Plans call for creation of Hunts Point High

School would replace New School for Arts and Sciences

By Steven Antioco
santioco@hunter.cuny.edu

A team of local teachers is spearheading efforts to establish a new high school in Hunts Point with a program devoted both to college preparation and vocational training.

Hunts Point High School will be under the wing of New Visions for Public Schools, a private organization that works in partnership with the city Department of Education and has spent millions in grant money to pioneer the creation of small schools with curriculums based on specific themes. The target date for opening the school is September 2009.

The team behind Hunts Point High is made up of faculty members from the New School for Arts and Sciences on Longwood Avenue, which the Department of Education has ordered closed in 2010 when its current students graduate.

The team is collaborating with Hostos Community College and John Jay College of Criminal Justice, as well as forming partnerships with local businesses and nonprofits.

In order to set itself apart from the New School, said Dr. Joseph Wint, “We’re going to have a tighter program where we will be able to monitor the students very closely.”

Wint, a teacher at the New School for Arts and Sciences, has been chosen by the planning team to be the principal of Hunts Point High if the city Department of Education approves the proposed new school.

Wint said in an interview that the school will provide a solid academic foundation to prepare students either for college or the workforce. Central to monitoring students’ progress, he said, will be a system of advisories in which each teacher will mentor 20 students in a kind of expanded homeroom, the better to “catch them before they fall.”

His ideas for the school were born from a reading of the Hunts Point Vision Plan, the city’s long-range plan for neighborhood improvement, which calls for encouraging the growth of food–

related industry, connecting residents to jobs in the Hunts Point Food Distribution Center and fostering eco-industrial businesses while cleaning up the environment.

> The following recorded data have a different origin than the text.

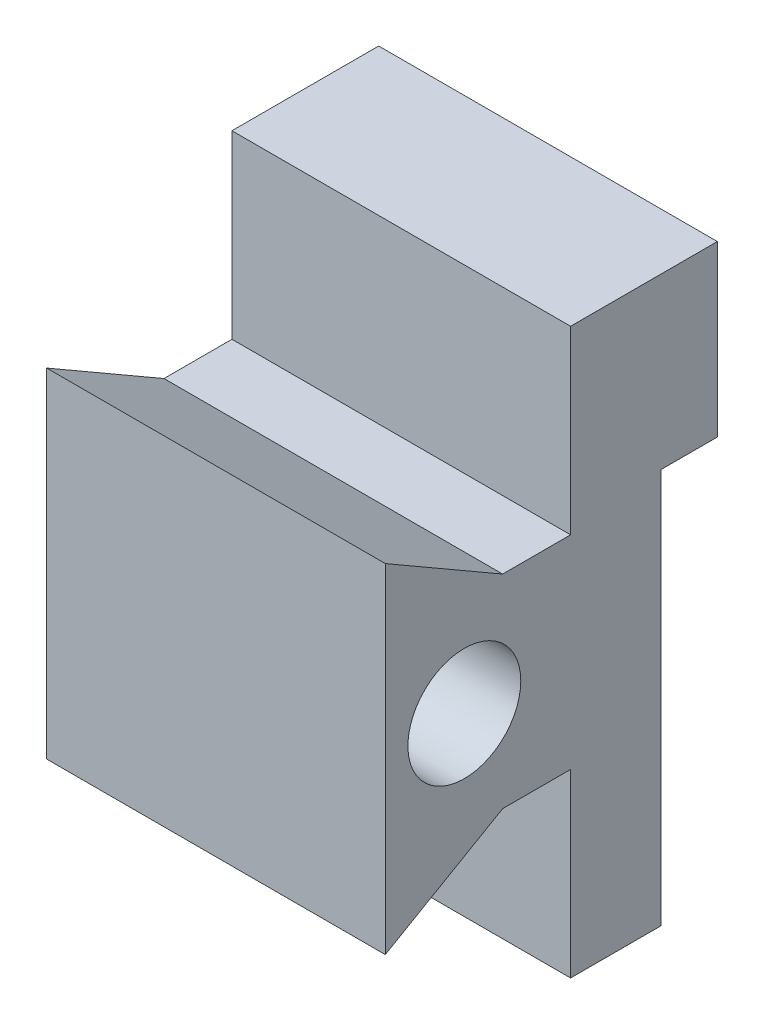
ISO-10303-21;
HEADER;
FILE_DESCRIPTION(('STEP AP214'),'2;1');
FILE_NAME('part.step','',(''),(''),'','','');
FILE_SCHEMA(('AUTOMOTIVE_DESIGN { 1 0 10303 214 1 1 1 1 }'));
ENDSEC;
DATA;
#1=APPLICATION_CONTEXT('core data for automotive mechanical design processes');
#2=APPLICATION_PROTOCOL_DEFINITION('international standard','automotive_design',2000,#1);
#3=PRODUCT_CONTEXT('',#1,'mechanical');
#4=PRODUCT('Part','Part','',(#3));
#5=PRODUCT_RELATED_PRODUCT_CATEGORY('part','',(#4));
#6=PRODUCT_DEFINITION_FORMATION('','',#4);
#7=PRODUCT_DEFINITION_CONTEXT('part definition',#1,'design');
#8=PRODUCT_DEFINITION('design','',#6,#7);
#9=PRODUCT_DEFINITION_SHAPE('','',#8);
#10=(LENGTH_UNIT() NAMED_UNIT(*) SI_UNIT(.MILLI.,.METRE.));
#11=(NAMED_UNIT(*) PLANE_ANGLE_UNIT() SI_UNIT($,.RADIAN.));
#12=(NAMED_UNIT(*) SI_UNIT($,.STERADIAN.) SOLID_ANGLE_UNIT());
#13=UNCERTAINTY_MEASURE_WITH_UNIT(LENGTH_MEASURE(1.E-05),#10,'distance_accuracy_value','');
#14=(GEOMETRIC_REPRESENTATION_CONTEXT(3) GLOBAL_UNCERTAINTY_ASSIGNED_CONTEXT((#13)) GLOBAL_UNIT_ASSIGNED_CONTEXT((#10,
#11,#12)) REPRESENTATION_CONTEXT('',''));
#15=CARTESIAN_POINT('',(0.,0.,0.));
#16=DIRECTION('',(0.,0.,1.));
#17=DIRECTION('',(1.,0.,0.));
#18=AXIS2_PLACEMENT_3D('',#15,#16,#17);
#19=CARTESIAN_POINT('',(3.,2.5,-2.44129041622761));
#20=DIRECTION('',(0.,0.,1.));
#21=DIRECTION('',(1.,0.,0.));
#22=AXIS2_PLACEMENT_3D('',#19,#20,#21);
#23=PLANE('',#22);
#24=DIRECTION('',(-1.,0.,0.));
#25=VECTOR('',#24,1.);
#26=CARTESIAN_POINT('',(3.,1.,-2.44129041622761));
#27=LINE('',#26,#25);
#28=CARTESIAN_POINT('',(3.,1.,-2.44129041622761));
#29=VERTEX_POINT('',#28);
#30=CARTESIAN_POINT('',(0.,1.,-2.44129041622761));
#31=VERTEX_POINT('',#30);
#32=EDGE_CURVE('E50',#29,#31,#27,.T.);
#33=ORIENTED_EDGE('',*,*,#32,.F.);
#34=DIRECTION('',(0.,1.,0.));
#35=VECTOR('',#34,1.);
#36=CARTESIAN_POINT('',(3.,2.5,-2.44129041622761));
#37=LINE('',#36,#35);
#38=CARTESIAN_POINT('',(3.,-2.5,-2.44129041622761));
#39=VERTEX_POINT('',#38);
#40=EDGE_CURVE('E199',#39,#29,#37,.T.);
#41=ORIENTED_EDGE('',*,*,#40,.F.);
#42=DIRECTION('',(-1.,0.,0.));
#43=VECTOR('',#42,1.);
#44=CARTESIAN_POINT('',(3.,-2.5,-2.44129041622761));
#45=LINE('',#44,#43);
#46=CARTESIAN_POINT('',(0.,-2.5,-2.44129041622761));
#47=VERTEX_POINT('',#46);
#48=EDGE_CURVE('E177',#39,#47,#45,.T.);
#49=ORIENTED_EDGE('',*,*,#48,.T.);
#50=DIRECTION('',(0.,1.,0.));
#51=VECTOR('',#50,1.);
#52=CARTESIAN_POINT('',(0.,2.5,-2.44129041622761));
#53=LINE('',#52,#51);
#54=EDGE_CURVE('E160',#47,#31,#53,.T.);
#55=ORIENTED_EDGE('',*,*,#54,.T.);
#56=EDGE_LOOP('',(#33,#41,#49,#55));
#57=FACE_BOUND('',#56,.T.);
#58=ADVANCED_FACE('F35',(#57),#23,.F.);
#59=CARTESIAN_POINT('',(3.,-0.9,-1.03923048454132));
#60=DIRECTION('',(0.,0.866025403784436,0.500000000000004));
#61=DIRECTION('',(0.,-0.500000000000004,0.866025403784436));
#62=AXIS2_PLACEMENT_3D('',#59,#60,#61);
#63=PLANE('',#62);
#64=DIRECTION('',(0.,0.500000000000004,-0.866025403784436));
#65=VECTOR('',#64,1.);
#66=CARTESIAN_POINT('',(0.,-0.9,-1.03923048454132));
#67=LINE('',#66,#65);
#68=CARTESIAN_POINT('',(0.,-1.5,0.));
#69=VERTEX_POINT('',#68);
#70=CARTESIAN_POINT('',(0.,-0.9,-1.03923048454132));
#71=VERTEX_POINT('',#70);
#72=EDGE_CURVE('E150',#69,#71,#67,.T.);
#73=ORIENTED_EDGE('',*,*,#72,.T.);
#74=DIRECTION('',(-1.,0.,0.));
#75=VECTOR('',#74,1.);
#76=CARTESIAN_POINT('',(3.,-0.9,-1.03923048454132));
#77=LINE('',#76,#75);
#78=CARTESIAN_POINT('',(3.,-0.9,-1.03923048454132));
#79=VERTEX_POINT('',#78);
#80=EDGE_CURVE('E11',#79,#71,#77,.T.);
#81=ORIENTED_EDGE('',*,*,#80,.F.);
#82=DIRECTION('',(0.,0.500000000000004,-0.866025403784436));
#83=VECTOR('',#82,1.);
#84=CARTESIAN_POINT('',(3.,-0.9,-1.03923048454132));
#85=LINE('',#84,#83);
#86=CARTESIAN_POINT('',(3.,-1.5,0.));
#87=VERTEX_POINT('',#86);
#88=EDGE_CURVE('E170',#87,#79,#85,.T.);
#89=ORIENTED_EDGE('',*,*,#88,.F.);
#90=DIRECTION('',(-1.,0.,0.));
#91=VECTOR('',#90,1.);
#92=CARTESIAN_POINT('',(3.,-1.5,0.));
#93=LINE('',#92,#91);
#94=EDGE_CURVE('E146',#87,#69,#93,.T.);
#95=ORIENTED_EDGE('',*,*,#94,.T.);
#96=EDGE_LOOP('',(#73,#81,#89,#95));
#97=FACE_BOUND('',#96,.T.);
#98=ADVANCED_FACE('F37',(#97),#63,.F.);
#99=CARTESIAN_POINT('',(3.,-0.9,-1.03923048454132));
#100=DIRECTION('',(0.,1.,0.));
#101=DIRECTION('',(0.,0.,1.));
#102=AXIS2_PLACEMENT_3D('',#99,#100,#101);
#103=PLANE('',#102);
#104=DIRECTION('',(0.,0.,-1.));
#105=VECTOR('',#104,1.);
#106=CARTESIAN_POINT('',(0.,-0.9,-1.03923048454132));
#107=LINE('',#106,#105);
#108=CARTESIAN_POINT('',(0.,-0.9,-1.64129041622761));
#109=VERTEX_POINT('',#108);
#110=EDGE_CURVE('E153',#71,#109,#107,.T.);
#111=ORIENTED_EDGE('',*,*,#110,.T.);
#112=DIRECTION('',(-1.,0.,0.));
#113=VECTOR('',#112,1.);
#114=CARTESIAN_POINT('',(3.,-0.9,-1.64129041622761));
#115=LINE('',#114,#113);
#116=CARTESIAN_POINT('',(3.,-0.9,-1.64129041622761));
#117=VERTEX_POINT('',#116);
#118=EDGE_CURVE('E43',#117,#109,#115,.T.);
#119=ORIENTED_EDGE('',*,*,#118,.F.);
#120=DIRECTION('',(0.,0.,-1.));
#121=VECTOR('',#120,1.);
#122=CARTESIAN_POINT('',(3.,-0.9,-1.03923048454132));
#123=LINE('',#122,#121);
#124=EDGE_CURVE('E103',#79,#117,#123,.T.);
#125=ORIENTED_EDGE('',*,*,#124,.F.);
#126=ORIENTED_EDGE('',*,*,#80,.T.);
#127=EDGE_LOOP('',(#111,#119,#125,#126));
#128=FACE_BOUND('',#127,.T.);
#129=ADVANCED_FACE('F259',(#128),#103,.F.);
#130=CARTESIAN_POINT('',(3.,-0.9,-1.64129041622761));
#131=DIRECTION('',(0.,0.,-1.));
#132=DIRECTION('',(0.,1.,0.));
#133=AXIS2_PLACEMENT_3D('',#130,#131,#132);
#134=PLANE('',#133);
#135=DIRECTION('',(0.,-1.,0.));
#136=VECTOR('',#135,1.);
#137=CARTESIAN_POINT('',(0.,-0.9,-1.64129041622761));
#138=LINE('',#137,#136);
#139=CARTESIAN_POINT('',(0.,-2.5,-1.64129041622761));
#140=VERTEX_POINT('',#139);
#141=EDGE_CURVE('E156',#109,#140,#138,.T.);
#142=ORIENTED_EDGE('',*,*,#141,.T.);
#143=DIRECTION('',(-1.,0.,0.));
#144=VECTOR('',#143,1.);
#145=CARTESIAN_POINT('',(3.,-2.5,-1.64129041622761));
#146=LINE('',#145,#144);
#147=CARTESIAN_POINT('',(3.,-2.5,-1.64129041622761));
#148=VERTEX_POINT('',#147);
#149=EDGE_CURVE('E180',#148,#140,#146,.T.);
#150=ORIENTED_EDGE('',*,*,#149,.F.);
#151=DIRECTION('',(0.,-1.,0.));
#152=VECTOR('',#151,1.);
#153=CARTESIAN_POINT('',(3.,-0.9,-1.64129041622761));
#154=LINE('',#153,#152);
#155=EDGE_CURVE('E188',#117,#148,#154,.T.);
#156=ORIENTED_EDGE('',*,*,#155,.F.);
#157=ORIENTED_EDGE('',*,*,#118,.T.);
#158=EDGE_LOOP('',(#142,#150,#156,#157));
#159=FACE_BOUND('',#158,.T.);
#160=ADVANCED_FACE('F186',(#159),#134,.F.);
#161=CARTESIAN_POINT('',(3.,-2.5,-2.44129041622761));
#162=DIRECTION('',(0.,1.,0.));
#163=DIRECTION('',(0.,0.,1.));
#164=AXIS2_PLACEMENT_3D('',#161,#162,#163);
#165=PLANE('',#164);
#166=DIRECTION('',(0.,0.,-1.));
#167=VECTOR('',#166,1.);
#168=CARTESIAN_POINT('',(0.,-2.5,-2.44129041622761));
#169=LINE('',#168,#167);
#170=EDGE_CURVE('E158',#140,#47,#169,.T.);
#171=ORIENTED_EDGE('',*,*,#170,.T.);
#172=ORIENTED_EDGE('',*,*,#48,.F.);
#173=DIRECTION('',(0.,0.,-1.));
#174=VECTOR('',#173,1.);
#175=CARTESIAN_POINT('',(3.,-2.5,-2.44129041622761));
#176=LINE('',#175,#174);
#177=EDGE_CURVE('E203',#148,#39,#176,.T.);
#178=ORIENTED_EDGE('',*,*,#177,.F.);
#179=ORIENTED_EDGE('',*,*,#149,.T.);
#180=EDGE_LOOP('',(#171,#172,#178,#179));
#181=FACE_BOUND('',#180,.T.);
#182=ADVANCED_FACE('F197',(#181),#165,.F.);
#183=CARTESIAN_POINT('',(3.,2.5,-1.64129041622761));
#184=DIRECTION('',(0.,-1.,0.));
#185=DIRECTION('',(0.,0.,-1.));
#186=AXIS2_PLACEMENT_3D('',#183,#184,#185);
#187=PLANE('',#186);
#188=DIRECTION('',(0.,0.,1.));
#189=VECTOR('',#188,1.);
#190=CARTESIAN_POINT('',(0.,2.5,-1.64129041622761));
#191=LINE('',#190,#189);
#192=CARTESIAN_POINT('',(0.,2.5,-2.94129041622761));
#193=VERTEX_POINT('',#192);
#194=CARTESIAN_POINT('',(0.,2.5,-1.64129041622761));
#195=VERTEX_POINT('',#194);
#196=EDGE_CURVE('E162',#193,#195,#191,.T.);
#197=ORIENTED_EDGE('',*,*,#196,.T.);
#198=DIRECTION('',(-1.,0.,0.));
#199=VECTOR('',#198,1.);
#200=CARTESIAN_POINT('',(3.,2.5,-1.64129041622761));
#201=LINE('',#200,#199);
#202=CARTESIAN_POINT('',(3.,2.5,-1.64129041622761));
#203=VERTEX_POINT('',#202);
#204=EDGE_CURVE('E174',#203,#195,#201,.T.);
#205=ORIENTED_EDGE('',*,*,#204,.F.);
#206=DIRECTION('',(0.,0.,1.));
#207=VECTOR('',#206,1.);
#208=CARTESIAN_POINT('',(3.,2.5,-1.64129041622761));
#209=LINE('',#208,#207);
#210=CARTESIAN_POINT('',(3.,2.5,-2.94129041622761));
#211=VERTEX_POINT('',#210);
#212=EDGE_CURVE('E202',#211,#203,#209,.T.);
#213=ORIENTED_EDGE('',*,*,#212,.F.);
#214=DIRECTION('',(1.,0.,0.));
#215=VECTOR('',#214,1.);
#216=CARTESIAN_POINT('',(3.,2.5,-2.94129041622761));
#217=LINE('',#216,#215);
#218=EDGE_CURVE('E220',#193,#211,#217,.T.);
#219=ORIENTED_EDGE('',*,*,#218,.F.);
#220=EDGE_LOOP('',(#197,#205,#213,#219));
#221=FACE_BOUND('',#220,.T.);
#222=ADVANCED_FACE('F251',(#221),#187,.F.);
#223=CARTESIAN_POINT('',(3.,0.9,-1.64129041622761));
#224=DIRECTION('',(0.,0.,-1.));
#225=DIRECTION('',(0.,1.,0.));
#226=AXIS2_PLACEMENT_3D('',#223,#224,#225);
#227=PLANE('',#226);
#228=DIRECTION('',(0.,-1.,0.));
#229=VECTOR('',#228,1.);
#230=CARTESIAN_POINT('',(0.,0.9,-1.64129041622761));
#231=LINE('',#230,#229);
#232=CARTESIAN_POINT('',(0.,0.9,-1.64129041622761));
#233=VERTEX_POINT('',#232);
#234=EDGE_CURVE('E164',#195,#233,#231,.T.);
#235=ORIENTED_EDGE('',*,*,#234,.T.);
#236=DIRECTION('',(-1.,0.,0.));
#237=VECTOR('',#236,1.);
#238=CARTESIAN_POINT('',(3.,0.9,-1.64129041622761));
#239=LINE('',#238,#237);
#240=CARTESIAN_POINT('',(3.,0.9,-1.64129041622761));
#241=VERTEX_POINT('',#240);
#242=EDGE_CURVE('E141',#241,#233,#239,.T.);
#243=ORIENTED_EDGE('',*,*,#242,.F.);
#244=DIRECTION('',(0.,-1.,0.));
#245=VECTOR('',#244,1.);
#246=CARTESIAN_POINT('',(3.,0.9,-1.64129041622761));
#247=LINE('',#246,#245);
#248=EDGE_CURVE('E129',#203,#241,#247,.T.);
#249=ORIENTED_EDGE('',*,*,#248,.F.);
#250=ORIENTED_EDGE('',*,*,#204,.T.);
#251=EDGE_LOOP('',(#235,#243,#249,#250));
#252=FACE_BOUND('',#251,.T.);
#253=ADVANCED_FACE('F254',(#252),#227,.F.);
#254=CARTESIAN_POINT('',(3.,0.9,-1.03923048454131));
#255=DIRECTION('',(0.,-1.,0.));
#256=DIRECTION('',(0.,0.,-1.));
#257=AXIS2_PLACEMENT_3D('',#254,#255,#256);
#258=PLANE('',#257);
#259=DIRECTION('',(0.,0.,1.));
#260=VECTOR('',#259,1.);
#261=CARTESIAN_POINT('',(0.,0.9,-1.03923048454131));
#262=LINE('',#261,#260);
#263=CARTESIAN_POINT('',(0.,0.9,-1.03923048454131));
#264=VERTEX_POINT('',#263);
#265=EDGE_CURVE('E138',#233,#264,#262,.T.);
#266=ORIENTED_EDGE('',*,*,#265,.T.);
#267=DIRECTION('',(-1.,0.,0.));
#268=VECTOR('',#267,1.);
#269=CARTESIAN_POINT('',(3.,0.9,-1.03923048454131));
#270=LINE('',#269,#268);
#271=CARTESIAN_POINT('',(3.,0.9,-1.03923048454131));
#272=VERTEX_POINT('',#271);
#273=EDGE_CURVE('E135',#272,#264,#270,.T.);
#274=ORIENTED_EDGE('',*,*,#273,.F.);
#275=DIRECTION('',(0.,0.,1.));
#276=VECTOR('',#275,1.);
#277=CARTESIAN_POINT('',(3.,0.9,-1.03923048454131));
#278=LINE('',#277,#276);
#279=EDGE_CURVE('E122',#241,#272,#278,.T.);
#280=ORIENTED_EDGE('',*,*,#279,.F.);
#281=ORIENTED_EDGE('',*,*,#242,.T.);
#282=EDGE_LOOP('',(#266,#274,#280,#281));
#283=FACE_BOUND('',#282,.T.);
#284=ADVANCED_FACE('F136',(#283),#258,.F.);
#285=CARTESIAN_POINT('',(3.,1.5,0.));
#286=DIRECTION('',(0.,-0.866025403784436,0.500000000000004));
#287=DIRECTION('',(0.,-0.500000000000004,-0.866025403784436));
#288=AXIS2_PLACEMENT_3D('',#285,#286,#287);
#289=PLANE('',#288);
#290=DIRECTION('',(0.,0.500000000000004,0.866025403784436));
#291=VECTOR('',#290,1.);
#292=CARTESIAN_POINT('',(0.,1.5,0.));
#293=LINE('',#292,#291);
#294=CARTESIAN_POINT('',(0.,1.5,0.));
#295=VERTEX_POINT('',#294);
#296=EDGE_CURVE('E167',#264,#295,#293,.T.);
#297=ORIENTED_EDGE('',*,*,#296,.T.);
#298=DIRECTION('',(-1.,0.,0.));
#299=VECTOR('',#298,1.);
#300=CARTESIAN_POINT('',(3.,1.5,0.));
#301=LINE('',#300,#299);
#302=CARTESIAN_POINT('',(3.,1.5,0.));
#303=VERTEX_POINT('',#302);
#304=EDGE_CURVE('E142',#303,#295,#301,.T.);
#305=ORIENTED_EDGE('',*,*,#304,.F.);
#306=DIRECTION('',(0.,0.500000000000004,0.866025403784436));
#307=VECTOR('',#306,1.);
#308=CARTESIAN_POINT('',(3.,1.5,0.));
#309=LINE('',#308,#307);
#310=EDGE_CURVE('E126',#272,#303,#309,.T.);
#311=ORIENTED_EDGE('',*,*,#310,.F.);
#312=ORIENTED_EDGE('',*,*,#273,.T.);
#313=EDGE_LOOP('',(#297,#305,#311,#312));
#314=FACE_BOUND('',#313,.T.);
#315=ADVANCED_FACE('F144',(#314),#289,.F.);
#316=CARTESIAN_POINT('',(3.,-1.5,0.));
#317=DIRECTION('',(0.,0.,-1.));
#318=DIRECTION('',(-1.,0.,0.));
#319=AXIS2_PLACEMENT_3D('',#316,#317,#318);
#320=PLANE('',#319);
#321=DIRECTION('',(0.,-1.,0.));
#322=VECTOR('',#321,1.);
#323=CARTESIAN_POINT('',(0.,-1.5,0.));
#324=LINE('',#323,#322);
#325=EDGE_CURVE('E95',#295,#69,#324,.T.);
#326=ORIENTED_EDGE('',*,*,#325,.T.);
#327=ORIENTED_EDGE('',*,*,#94,.F.);
#328=DIRECTION('',(0.,-1.,0.));
#329=VECTOR('',#328,1.);
#330=CARTESIAN_POINT('',(3.,-1.5,0.));
#331=LINE('',#330,#329);
#332=EDGE_CURVE('E59',#303,#87,#331,.T.);
#333=ORIENTED_EDGE('',*,*,#332,.F.);
#334=ORIENTED_EDGE('',*,*,#304,.T.);
#335=EDGE_LOOP('',(#326,#327,#333,#334));
#336=FACE_BOUND('',#335,.T.);
#337=ADVANCED_FACE('F255',(#336),#320,.F.);
#338=CARTESIAN_POINT('',(3.,0.,0.));
#339=DIRECTION('',(-1.,0.,0.));
#340=DIRECTION('',(0.,0.,1.));
#341=AXIS2_PLACEMENT_3D('',#338,#339,#340);
#342=PLANE('',#341);
#343=CARTESIAN_POINT('',(3.,0.,-0.7));
#344=DIRECTION('',(1.,0.,0.));
#345=DIRECTION('',(0.,0.,-1.));
#346=AXIS2_PLACEMENT_3D('',#343,#344,#345);
#347=CIRCLE('',#346,0.500000000000001);
#348=CARTESIAN_POINT('',(3.,0.,-1.2));
#349=VERTEX_POINT('',#348);
#350=EDGE_CURVE('E211',#349,#349,#347,.T.);
#351=ORIENTED_EDGE('',*,*,#350,.F.);
#352=EDGE_LOOP('',(#351));
#353=FACE_BOUND('',#352,.T.);
#354=ORIENTED_EDGE('',*,*,#88,.T.);
#355=ORIENTED_EDGE('',*,*,#124,.T.);
#356=ORIENTED_EDGE('',*,*,#155,.T.);
#357=ORIENTED_EDGE('',*,*,#177,.T.);
#358=ORIENTED_EDGE('',*,*,#40,.T.);
#359=DIRECTION('',(0.,0.,1.));
#360=VECTOR('',#359,1.);
#361=CARTESIAN_POINT('',(3.,1.,-2.94129041622761));
#362=LINE('',#361,#360);
#363=CARTESIAN_POINT('',(3.,1.,-2.94129041622761));
#364=VERTEX_POINT('',#363);
#365=EDGE_CURVE('E214',#364,#29,#362,.T.);
#366=ORIENTED_EDGE('',*,*,#365,.F.);
#367=DIRECTION('',(0.,-1.,0.));
#368=VECTOR('',#367,1.);
#369=CARTESIAN_POINT('',(3.,2.5,-2.94129041622761));
#370=LINE('',#369,#368);
#371=EDGE_CURVE('E222',#211,#364,#370,.T.);
#372=ORIENTED_EDGE('',*,*,#371,.F.);
#373=ORIENTED_EDGE('',*,*,#212,.T.);
#374=ORIENTED_EDGE('',*,*,#248,.T.);
#375=ORIENTED_EDGE('',*,*,#279,.T.);
#376=ORIENTED_EDGE('',*,*,#310,.T.);
#377=ORIENTED_EDGE('',*,*,#332,.T.);
#378=EDGE_LOOP('',(#354,#355,#356,#357,#358,#366,#372,#373,#374,#375,#376,#377));
#379=FACE_BOUND('',#378,.T.);
#380=ADVANCED_FACE('F124',(#353,#379),#342,.F.);
#381=CARTESIAN_POINT('',(0.,0.,0.));
#382=DIRECTION('',(-1.,0.,0.));
#383=DIRECTION('',(0.,0.,1.));
#384=AXIS2_PLACEMENT_3D('',#381,#382,#383);
#385=PLANE('',#384);
#386=CARTESIAN_POINT('',(0.,0.,-0.7));
#387=DIRECTION('',(1.,0.,0.));
#388=DIRECTION('',(0.,0.,-1.));
#389=AXIS2_PLACEMENT_3D('',#386,#387,#388);
#390=CIRCLE('',#389,0.500000000000001);
#391=CARTESIAN_POINT('',(0.,0.,-1.2));
#392=VERTEX_POINT('',#391);
#393=EDGE_CURVE('E154',#392,#392,#390,.T.);
#394=ORIENTED_EDGE('',*,*,#393,.T.);
#395=EDGE_LOOP('',(#394));
#396=FACE_BOUND('',#395,.T.);
#397=ORIENTED_EDGE('',*,*,#72,.F.);
#398=ORIENTED_EDGE('',*,*,#325,.F.);
#399=ORIENTED_EDGE('',*,*,#296,.F.);
#400=ORIENTED_EDGE('',*,*,#265,.F.);
#401=ORIENTED_EDGE('',*,*,#234,.F.);
#402=ORIENTED_EDGE('',*,*,#196,.F.);
#403=DIRECTION('',(0.,1.,0.));
#404=VECTOR('',#403,1.);
#405=CARTESIAN_POINT('',(0.,2.5,-2.94129041622761));
#406=LINE('',#405,#404);
#407=CARTESIAN_POINT('',(0.,1.,-2.94129041622761));
#408=VERTEX_POINT('',#407);
#409=EDGE_CURVE('E225',#408,#193,#406,.T.);
#410=ORIENTED_EDGE('',*,*,#409,.F.);
#411=DIRECTION('',(0.,0.,1.));
#412=VECTOR('',#411,1.);
#413=CARTESIAN_POINT('',(0.,1.,-2.94129041622761));
#414=LINE('',#413,#412);
#415=EDGE_CURVE('E218',#408,#31,#414,.T.);
#416=ORIENTED_EDGE('',*,*,#415,.T.);
#417=ORIENTED_EDGE('',*,*,#54,.F.);
#418=ORIENTED_EDGE('',*,*,#170,.F.);
#419=ORIENTED_EDGE('',*,*,#141,.F.);
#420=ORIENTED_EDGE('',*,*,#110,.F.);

Noting that the Hunts Point Food Distribution Center is the largest in the nation, the new school will offer a program in culinary arts, to provide students with a path to jobs in the field.

“Parents, students and the business community welcome the idea enthusiastically,” the proposal says, and the school’s founders predict that students who complete the program will have “a solid future in the job market.”

Other career and technical education programs will be offered in cosmetology, technology and forensic science, in which students will be trained to apply science to investigations and testimony in court cases—from crime scene investigations and ballistics to environmental forensics, in which investigators locate the sources of pollution.

John Jay College’s Criminal Justice Department will be the school’s partner in the forensics program, the proposal says, and the State University of New York at Stony Brook will offer teachers training in the field.

Saying that a “Bronx Renaissance” is taking place, the proposal also envisions an arts program backed by a new foundation to be created by the school. The plan calls for the school to sponsor a Hunts Point arts festival that will display student work and present a concert by the school choir, a dance recital and readings of student poetry.

In all its programs, the proposal says, the school will use a multi-disciplinary approach. For example, ninth-graders will read Shakespeare’s “Romeo and Juliet” in their English class and watch film versions from classic performances to “West Side Story.”

In social studies they will study Renaissance history; in art and music they will draw the dress of the period and listen to its music; in math they will design a theater; and in science will undertake a chemical analysis of the sort of potion the star-crossed lovers drank to commit suicide.

“Students will walk away with a feeling of engagement that satisfies their thirst for knowledge and their desire for a rigorous academic experience,” the proposal concludes.

Hunts Point High School has won the backing of Community Board 2, the United Federation of Teachers, Unitas Therapeutic Community, the Hunts Point Development Corporation and Mothers on the Move, according the proposal.

However, Kellie Terry-Sepulveda, executive director of The Point Community Development Corporation sounded a note of caution. While she did not criticize the proposal for the school, she expressed some skepticism about the New Visions model, telling The Hunts Point Express that she was concerned about the number of educational experiments that started, faltered and then were replaced by new schools.

“It seems our kids are like guinea pigs,” said Terry-Sepulveda, who has two sons who have not yet reached school age. “It’s difficult to believe that the first year will be smooth.”

Nevertheless, says Wint in the proposal for the school, if Hunts Point is to be a viable community, “there has to be a Hunts Point High School.” Young people in the Bronx, he says, are not appreciated for their potential, but “kids here are just as good as anywhere else. All they need is exposure.”

“Hunts Point needs a school,” echoed Michael Mulgrew, the United Federation of Teachers vice president in charge of career and technical high schools—schools that prepare students to enter the workforce after graduation.

He pointed to reports by the New York City Independent Budget Office and the state Board of Regents that show such schools outperforming conventional high schools.

Mulgrew said it’s not going to be easy getting Hunts Point High up and running well, but added, “When someone is trying to get something done, we have to help them.”